Zaczęliśmy iść na zachód. Nie ma to jak spacer bez celu... Ale przynajmniej mogłam przeanalizować sytuację. Zaczynałam mieć wrażenie, że Orion się zakochał. We mnie. Określanie mnie jako "księżniczkę", ta jego ochota na pieszczoty... Z drugiej strony, równie dobrze może udawać. Tego jednak nie potrafiłam sobie wyobrazić. Ale znowu patrząc z innej strony, to moje wyobrażenia mało co znaczą w tym przypadku. Cóż, trzeba jeszcze trochę poczekać...
- Rara, stój - usłyszałam głos znajomego basiora. Chwilę później wilcza łapa zatrzymała mnie. Spojrzałam zdziwiona na towarzysza, a potem przed siebie... Super, oczywiście musiałam się zamyślić na tyle, by prawie wejść na drzewo.

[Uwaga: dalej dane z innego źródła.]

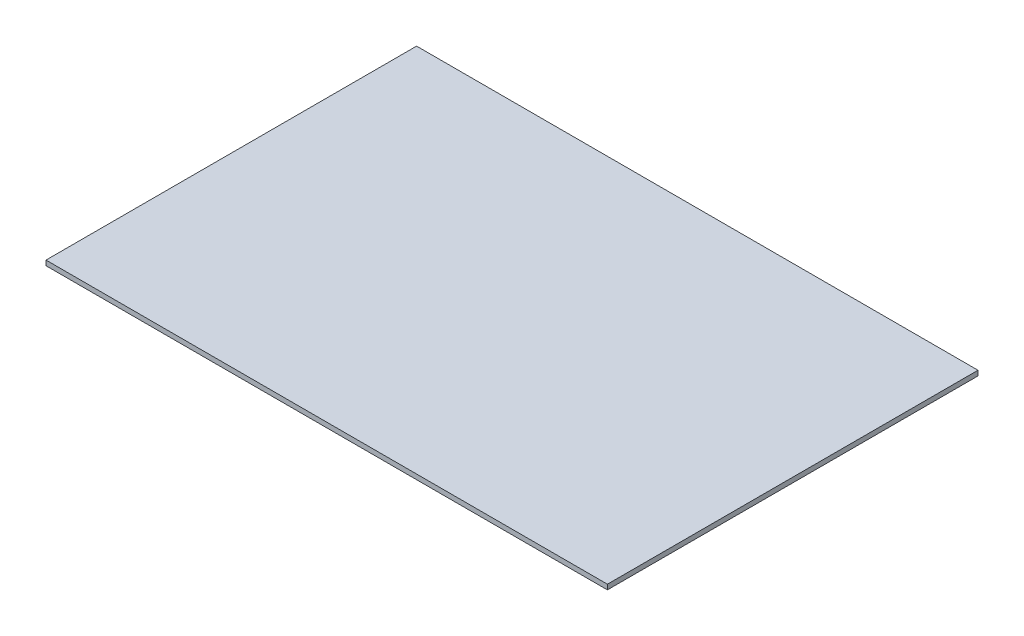
ISO-10303-21;
HEADER;
FILE_DESCRIPTION(('STEP AP214'),'2;1');
FILE_NAME('part.step','',(''),(''),'','','');
FILE_SCHEMA(('AUTOMOTIVE_DESIGN { 1 0 10303 214 1 1 1 1 }'));
ENDSEC;
DATA;
#1=APPLICATION_CONTEXT('core data for automotive mechanical design processes');
#2=APPLICATION_PROTOCOL_DEFINITION('international standard','automotive_design',2000,#1);
#3=PRODUCT_CONTEXT('',#1,'mechanical');
#4=PRODUCT('Part','Part','',(#3));
#5=PRODUCT_RELATED_PRODUCT_CATEGORY('part','',(#4));
#6=PRODUCT_DEFINITION_FORMATION('','',#4);
#7=PRODUCT_DEFINITION_CONTEXT('part definition',#1,'design');
#8=PRODUCT_DEFINITION('design','',#6,#7);
#9=PRODUCT_DEFINITION_SHAPE('','',#8);
#10=(LENGTH_UNIT() NAMED_UNIT(*) SI_UNIT(.MILLI.,.METRE.));
#11=(NAMED_UNIT(*) PLANE_ANGLE_UNIT() SI_UNIT($,.RADIAN.));
#12=(NAMED_UNIT(*) SI_UNIT($,.STERADIAN.) SOLID_ANGLE_UNIT());
#13=UNCERTAINTY_MEASURE_WITH_UNIT(LENGTH_MEASURE(1.E-05),#10,'distance_accuracy_value','');
#14=(GEOMETRIC_REPRESENTATION_CONTEXT(3) GLOBAL_UNCERTAINTY_ASSIGNED_CONTEXT((#13)) GLOBAL_UNIT_ASSIGNED_CONTEXT((#10,
#11,#12)) REPRESENTATION_CONTEXT('',''));
#15=CARTESIAN_POINT('',(0.,0.,0.));
#16=DIRECTION('',(0.,0.,1.));
#17=DIRECTION('',(1.,0.,0.));
#18=AXIS2_PLACEMENT_3D('',#15,#16,#17);
#19=CARTESIAN_POINT('',(0.,0.2,-15.));
#20=DIRECTION('',(1.,0.,0.));
#21=DIRECTION('',(0.,0.,-1.));
#22=AXIS2_PLACEMENT_3D('',#19,#20,#21);
#23=PLANE('',#22);
#24=DIRECTION('',(0.,0.,1.));
#25=VECTOR('',#24,1.);
#26=CARTESIAN_POINT('',(0.,0.,-15.));
#27=LINE('',#26,#25);
#28=CARTESIAN_POINT('',(0.,0.,-15.));
#29=VERTEX_POINT('',#28);
#30=CARTESIAN_POINT('',(0.,0.,0.));
#31=VERTEX_POINT('',#30);
#32=EDGE_CURVE('E102',#29,#31,#27,.T.);
#33=ORIENTED_EDGE('',*,*,#32,.T.);
#34=DIRECTION('',(0.,-1.,0.));
#35=VECTOR('',#34,1.);
#36=CARTESIAN_POINT('',(0.,0.2,0.));
#37=LINE('',#36,#35);
#38=CARTESIAN_POINT('',(0.,0.2,0.));
#39=VERTEX_POINT('',#38);
#40=EDGE_CURVE('E11',#39,#31,#37,.T.);
#41=ORIENTED_EDGE('',*,*,#40,.F.);
#42=DIRECTION('',(0.,0.,1.));
#43=VECTOR('',#42,1.);
#44=CARTESIAN_POINT('',(0.,0.2,-15.));
#45=LINE('',#44,#43);
#46=CARTESIAN_POINT('',(0.,0.2,-15.));
#47=VERTEX_POINT('',#46);
#48=EDGE_CURVE('E90',#47,#39,#45,.T.);
#49=ORIENTED_EDGE('',*,*,#48,.F.);
#50=DIRECTION('',(0.,-1.,0.));
#51=VECTOR('',#50,1.);
#52=CARTESIAN_POINT('',(0.,0.2,-15.));
#53=LINE('',#52,#51);
#54=EDGE_CURVE('E98',#47,#29,#53,.T.);
#55=ORIENTED_EDGE('',*,*,#54,.T.);
#56=EDGE_LOOP('',(#33,#41,#49,#55));
#57=FACE_BOUND('',#56,.T.);
#58=ADVANCED_FACE('F39',(#57),#23,.F.);
#59=CARTESIAN_POINT('',(0.,0.2,0.));
#60=DIRECTION('',(0.,0.,-1.));
#61=DIRECTION('',(-1.,0.,0.));
#62=AXIS2_PLACEMENT_3D('',#59,#60,#61);
#63=PLANE('',#62);
#64=DIRECTION('',(1.,0.,0.));
#65=VECTOR('',#64,1.);
#66=CARTESIAN_POINT('',(0.,0.,0.));
#67=LINE('',#66,#65);
#68=CARTESIAN_POINT('',(22.72371994,0.,0.));
#69=VERTEX_POINT('',#68);
#70=EDGE_CURVE('E94',#31,#69,#67,.T.);
#71=ORIENTED_EDGE('',*,*,#70,.T.);
#72=DIRECTION('',(0.,-1.,0.));
#73=VECTOR('',#72,1.);
#74=CARTESIAN_POINT('',(22.72371994,0.2,0.));
#75=LINE('',#74,#73);
#76=CARTESIAN_POINT('',(22.72371994,0.2,0.));
#77=VERTEX_POINT('',#76);
#78=EDGE_CURVE('E47',#77,#69,#75,.T.);
#79=ORIENTED_EDGE('',*,*,#78,.F.);
#80=DIRECTION('',(1.,0.,0.));
#81=VECTOR('',#80,1.);
#82=CARTESIAN_POINT('',(0.,0.2,0.));
#83=LINE('',#82,#81);
#84=EDGE_CURVE('E85',#39,#77,#83,.T.);
#85=ORIENTED_EDGE('',*,*,#84,.F.);
#86=ORIENTED_EDGE('',*,*,#40,.T.);
#87=EDGE_LOOP('',(#71,#79,#85,#86));
#88=FACE_BOUND('',#87,.T.);
#89=ADVANCED_FACE('F93',(#88),#63,.F.);
#90=CARTESIAN_POINT('',(22.72371994,0.2,0.));
#91=DIRECTION('',(-1.,0.,0.));
#92=DIRECTION('',(0.,0.,1.));
#93=AXIS2_PLACEMENT_3D('',#90,#91,#92);
#94=PLANE('',#93);
#95=DIRECTION('',(0.,0.,-1.));
#96=VECTOR('',#95,1.);
#97=CARTESIAN_POINT('',(22.72371994,0.,0.));
#98=LINE('',#97,#96);
#99=CARTESIAN_POINT('',(22.72371994,0.,-15.));
#100=VERTEX_POINT('',#99);
#101=EDGE_CURVE('E72',#69,#100,#98,.T.);
#102=ORIENTED_EDGE('',*,*,#101,.T.);
#103=DIRECTION('',(0.,-1.,0.));
#104=VECTOR('',#103,1.);
#105=CARTESIAN_POINT('',(22.72371994,0.2,-15.));
#106=LINE('',#105,#104);
#107=CARTESIAN_POINT('',(22.72371994,0.2,-15.));
#108=VERTEX_POINT('',#107);
#109=EDGE_CURVE('E95',#108,#100,#106,.T.);
#110=ORIENTED_EDGE('',*,*,#109,.F.);
#111=DIRECTION('',(0.,0.,-1.));
#112=VECTOR('',#111,1.);
#113=CARTESIAN_POINT('',(22.72371994,0.2,0.));
#114=LINE('',#113,#112);
#115=EDGE_CURVE('E88',#77,#108,#114,.T.);
#116=ORIENTED_EDGE('',*,*,#115,.F.);
#117=ORIENTED_EDGE('',*,*,#78,.T.);
#118=EDGE_LOOP('',(#102,#110,#116,#117));
#119=FACE_BOUND('',#118,.T.);
#120=ADVANCED_FACE('F96',(#119),#94,.F.);
#121=CARTESIAN_POINT('',(22.72371994,0.2,-15.));
#122=DIRECTION('',(0.,0.,1.));
#123=DIRECTION('',(1.,0.,0.));
#124=AXIS2_PLACEMENT_3D('',#121,#122,#123);
#125=PLANE('',#124);
#126=DIRECTION('',(-1.,0.,0.));
#127=VECTOR('',#126,1.);
#128=CARTESIAN_POINT('',(22.72371994,0.,-15.));
#129=LINE('',#128,#127);
#130=EDGE_CURVE('E78',#100,#29,#129,.T.);
#131=ORIENTED_EDGE('',*,*,#130,.T.);
#132=ORIENTED_EDGE('',*,*,#54,.F.);
#133=DIRECTION('',(-1.,0.,0.));
#134=VECTOR('',#133,1.);
#135=CARTESIAN_POINT('',(22.72371994,0.2,-15.));
#136=LINE('',#135,#134);
#137=EDGE_CURVE('E55',#108,#47,#136,.T.);
#138=ORIENTED_EDGE('',*,*,#137,.F.);
#139=ORIENTED_EDGE('',*,*,#109,.T.);
#140=EDGE_LOOP('',(#131,#132,#138,#139));
#141=FACE_BOUND('',#140,.T.);
#142=ADVANCED_FACE('F109',(#141),#125,.F.);
#143=CARTESIAN_POINT('',(0.,0.2,0.));
#144=DIRECTION('',(0.,1.,0.));
#145=DIRECTION('',(0.,0.,1.));
#146=AXIS2_PLACEMENT_3D('',#143,#144,#145);
#147=PLANE('',#146);
#148=ORIENTED_EDGE('',*,*,#48,.T.);
#149=ORIENTED_EDGE('',*,*,#84,.T.);
#150=ORIENTED_EDGE('',*,*,#115,.T.);
#151=ORIENTED_EDGE('',*,*,#137,.T.);
#152=EDGE_LOOP('',(#148,#149,#150,#151));
#153=FACE_BOUND('',#152,.T.);
#154=ADVANCED_FACE('F86',(#153),#147,.T.);
#155=CARTESIAN_POINT('',(0.,0.,0.));
#156=DIRECTION('',(0.,1.,0.));
#157=DIRECTION('',(0.,0.,1.));
#158=AXIS2_PLACEMENT_3D('',#155,#156,#157);
#159=PLANE('',#158);
#160=ORIENTED_EDGE('',*,*,#32,.F.);
#161=ORIENTED_EDGE('',*,*,#130,.F.);
#162=ORIENTED_EDGE('',*,*,#101,.F.);
#163=ORIENTED_EDGE('',*,*,#70,.F.);
#164=EDGE_LOOP('',(#160,#161,#162,#163));
#165=FACE_BOUND('',#164,.T.);
#166=ADVANCED_FACE('F112',(#165),#159,.F.);
#167=CLOSED_SHELL('',(#58,#89,#120,#142,#154,#166));
#168=MANIFOLD_SOLID_BREP('B2',#167);
#169=ADVANCED_BREP_SHAPE_REPRESENTATION('',(#18,#168),#14);
#170=SHAPE_DEFINITION_REPRESENTATION(#9,#169);
ENDSEC;
END-ISO-10303-21;

Westchnęłam cicho i minęłam roślinę.
- Wszystko w porządku? - zapytał Orion, zrównując się ze mną.
- Jasne, dzięki za ostrzeżenie. Zamyśliłam się.
Basior uśmiechnął się i potem zwrócił głowę w kierunku marszu, by czasem na coś nie wpaść. Ja zaś ponownie zaczęłam rozmyślać, tym razem jednak uważniej pilnując drogi. Dobrze się czułam w towarzystwie Oriona i chyba zaczynałam coś do niego czuć...
Nie zdążyłam jednak pomyśleć nad tym dłużej, gdyż z lasu wyszliśmy na Plażę Marzeń. Delikatny wiatr marszczył wodę, tworząc nieduże fale, tu i ówdzie latały mewy, a pośród rozgrzanego piasku można było zobaczyć muszle.